The idea that at any given point in our lives we are exactly where we are meant to be assumes that we are in control of all influences. It also assumes that we have seized control of the influences over which we do have control. In the case of the latter, I am in total agreement. In other words, if you are an addict and you are attending an NA meeting, you are exactly where you are meant to be. If you are an addict and living on the streets, you are not.

As a sweeping statement, that line is no more than another rung in the caste system. It lets the rest of us off the hook. When we see someone suffering, we can dismiss it because “…they are exactly where they are meant to be.” If we are miserable ourselves and lack the courage to seize control, we can dismiss it because “…we are exactly where we are meant to be.” In that case we can hang out and wait for someone else, maybe God, to perform the miracle that will rescue us. Worst of all, if through no fault of our own, we are in terrible pain or suffering from an excruciating loss, and this prayer is passed onto us, we are left in despair because the only conclusion we can draw is that, if this is true, we are meaningless to God and worse, God and the ones through whom God works, are masochists who have left us to suffer.

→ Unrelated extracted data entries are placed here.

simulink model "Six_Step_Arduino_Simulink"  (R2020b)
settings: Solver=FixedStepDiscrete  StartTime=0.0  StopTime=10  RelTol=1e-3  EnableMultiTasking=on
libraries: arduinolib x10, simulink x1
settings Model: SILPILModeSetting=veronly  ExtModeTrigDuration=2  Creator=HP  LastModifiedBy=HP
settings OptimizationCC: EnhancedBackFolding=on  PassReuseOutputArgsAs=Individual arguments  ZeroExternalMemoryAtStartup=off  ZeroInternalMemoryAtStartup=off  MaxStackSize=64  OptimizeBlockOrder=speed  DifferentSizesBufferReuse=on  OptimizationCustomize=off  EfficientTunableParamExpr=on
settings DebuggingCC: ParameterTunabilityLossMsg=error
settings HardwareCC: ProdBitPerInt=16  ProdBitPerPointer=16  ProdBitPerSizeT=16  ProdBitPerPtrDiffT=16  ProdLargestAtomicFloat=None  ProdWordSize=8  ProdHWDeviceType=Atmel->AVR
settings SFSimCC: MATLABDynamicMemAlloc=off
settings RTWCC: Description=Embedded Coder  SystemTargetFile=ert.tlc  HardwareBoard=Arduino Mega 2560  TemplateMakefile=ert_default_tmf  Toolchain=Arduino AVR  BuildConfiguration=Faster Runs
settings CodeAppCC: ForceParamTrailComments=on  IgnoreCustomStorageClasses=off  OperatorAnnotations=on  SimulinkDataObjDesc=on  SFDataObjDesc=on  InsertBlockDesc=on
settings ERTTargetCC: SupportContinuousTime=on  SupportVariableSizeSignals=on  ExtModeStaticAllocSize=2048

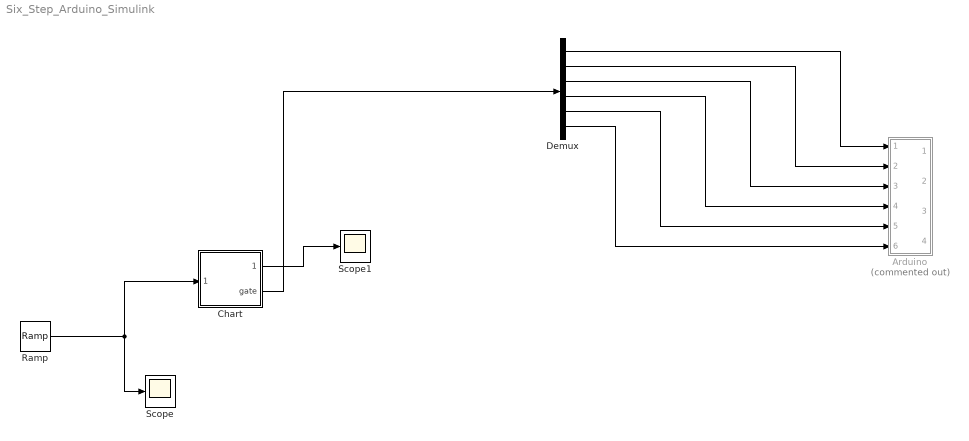
== system Six_Step_Arduino_Simulink ==
  Arduino : Subsystem  Commented=on
  Chart : Stateflow chart  TreatAsAtomicUnit=on
  Demux : Demux  Outputs=6
  Ramp : simulink/Sources/Ramp  slope=100  start=0  InitialOutput=500
  Scope : Scope
  Scope1 : Scope
  wires:
  Demux/1 -> Arduino/1(In1)
  Demux/2 -> Arduino/2(In2)
  Demux/3 -> Arduino/3(In3)
  Demux/4 -> Arduino/4(In4)
  Demux/5 -> Arduino/5(In5)
  Demux/6 -> Arduino/6(In6)
  Chart/2(gate) -> Demux/1
  Chart/1(ChartMode) -> Scope1/1
  Ramp/1 -> Scope/1, Chart/1(speed)

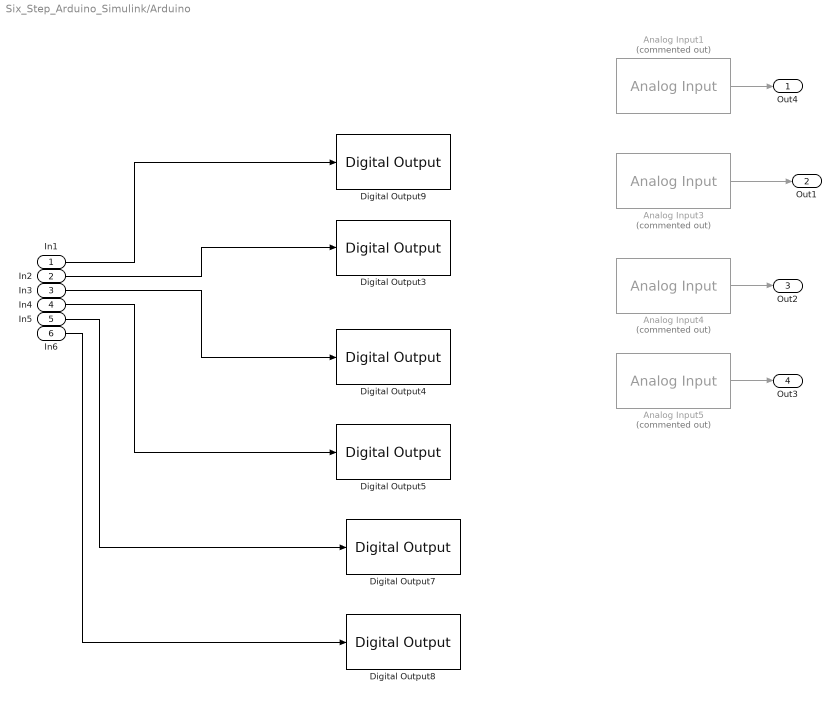
== system Six_Step_Arduino_Simulink/Arduino ==
  In1 : Inport
  In2 : Inport  Port=2
  In3 : Inport  Port=3
  In4 : Inport  Port=4
  In5 : Inport  Port=5
  In6 : Inport  Port=6
  Analog Input1 : arduinolib/Analog Input  Commented=on  pinNumber=0  ReadResultsOnly=off  ConversionTriggerSource=Software  ExternalTriggerType=uint32( 0 )  OutputDataType=uint16  EnableConversionCompleteNotify=off  EnableOuputStatus=off  SampleTime=-1  blockPlatform=arduino
  Analog Input3 : arduinolib/Analog Input  Commented=on  pinNumber=1  ReadResultsOnly=off  ConversionTriggerSource=Software  ExternalTriggerType=uint32( 0 )  OutputDataType=uint16  EnableConversionCompleteNotify=off  EnableOuputStatus=off  SampleTime=-1  blockPlatform=arduino
  Analog Input4 : arduinolib/Analog Input  Commented=on  pinNumber=2  ReadResultsOnly=off  ConversionTriggerSource=Software  ExternalTriggerType=uint32( 0 )  OutputDataType=uint16  EnableConversionCompleteNotify=off  EnableOuputStatus=off  SampleTime=-1  blockPlatform=arduino
  Analog Input5 : arduinolib/Analog Input  Commented=on  pinNumber=3  ReadResultsOnly=off  ConversionTriggerSource=Software  ExternalTriggerType=uint32( 0 )  OutputDataType=uint16  EnableConversionCompleteNotify=off  EnableOuputStatus=off  SampleTime=-1  blockPlatform=arduino
  Digital Output3 : arduinolib/Digital Output  pinNumber=3  Direction=output  blockPlatform=arduino
  Digital Output4 : arduinolib/Digital Output  pinNumber=4  Direction=output  blockPlatform=arduino
  Digital Output5 : arduinolib/Digital Output  pinNumber=5  Direction=output  blockPlatform=arduino
  Digital Output7 : arduinolib/Digital Output  pinNumber=6  Direction=output  blockPlatform=arduino
  Digital Output8 : arduinolib/Digital Output  pinNumber=7  Direction=output  blockPlatform=arduino
  Digital Output9 : arduinolib/Digital Output  pinNumber=2  Direction=output  blockPlatform=arduino
  Out4 : Outport
  Out1 : Outport  Port=2
  Out2 : Outport  Port=3
  Out3 : Outport  Port=4
  wires:
  In5/1 -> Digital Output7/1
  In6/1 -> Digital Output8/1
  In4/1 -> Digital Output5/1
  In1/1 -> Digital Output9/1
  In3/1 -> Digital Output4/1
  In2/1 -> Digital Output3/1
  Analog Input3/1 -> Out1/1
  Analog Input4/1 -> Out2/1
  Analog Input5/1 -> Out3/1
  Analog Input1/1 -> Out4/1

== stateflow chart Six_Step_Arduino_Simulink/Chart ==
  state State6
    entry:
    gate=[1 0 0 1 0 0]
  state State1
    entry:
    gate=[1 0 0 0 0 1]
  state State2
    entry:
    gate=[0 0 1 0 0 1]
  state State5
    entry:
    gate=[0 0 0 1 1 0]
  state State3
    entry:
    gate=[0 1 1 0 0 0]
  state State4
    entry:
    gate=[0 1 0 0 1 0]
  (default) -> State1
  State6 -> State1 : after(speed,usec)
  State5 -> State6 : after(speed,usec)
  State1 -> State2 : after(speed,usec)
  State4 -> State5 : after(speed,usec)
  State2 -> State3 : after(speed,usec)
  State3 -> State4 : after(speed,usec)
  data: ChartMode output Enum: ChartModeType; speed input; gate output

Are any of us “meant to be” in prison, ICU, or rehab? Not unless we have put ourselves there and they are the wombs of our rebirth. Otherwise, no. We “are meant to be” personally accountable, highly compassionate, joyful children of our Creator. This notion that we are other than that depicts us as victims on a never-ending karmic wheel. We may as well just stay put and see where it takes us. It will take us nowhere. The karmic wheel accounts for cause and effect (over lifetimes, if you’re a believer in that.) Stop the cause and you stop the effect. Personal accountability, not only for ourselves but in compassion for those who need us, puts us on a different course. Personal accountability makes us worthy instruments of God.  When we are personally accountable for ourselves, we can do God’s work.

You are exactly where you are meant to be if you are filled with a deep-seated peace, acceptance, compassion, and love for your fellow humans. If you are in pain that cannot be resolved and for which you have reached no acceptance—if you are lonely, unsettled, depressed, anxious, jealous, enraged, filled with hate or resentment—you are not where you are meant to be. Pain is a reset button.  Don’t trust it. Get help.

*Note: The prayer claims to be a novena, which it is not. The word “novena” is derived from the word “novem,” which is the Latin word for “nine.” A novena is very specific ritual of prayer said for nine straight days, prayed to a specific saint, invoked for a specific intention. This internet prayer is most often attributed to St. Therese, the Little Flower, also known as the Saint of Little Ways. Saint Therese was born in Lisieux, France in 1873 and died 24 years later in 1897. In spite of the fact that this “novena” is attributed to St. Therese, however, it is generally accompanied by images of Mother Teresa, who was born in Macedonia in 1910 and died in 1997. Mother Teresa has not yet been declared a saint, so she is not “Saint Teresa,” although she will no doubt be canonized one day. But the bigger truth is that neither of these women authored that prayer. I don’t know who did.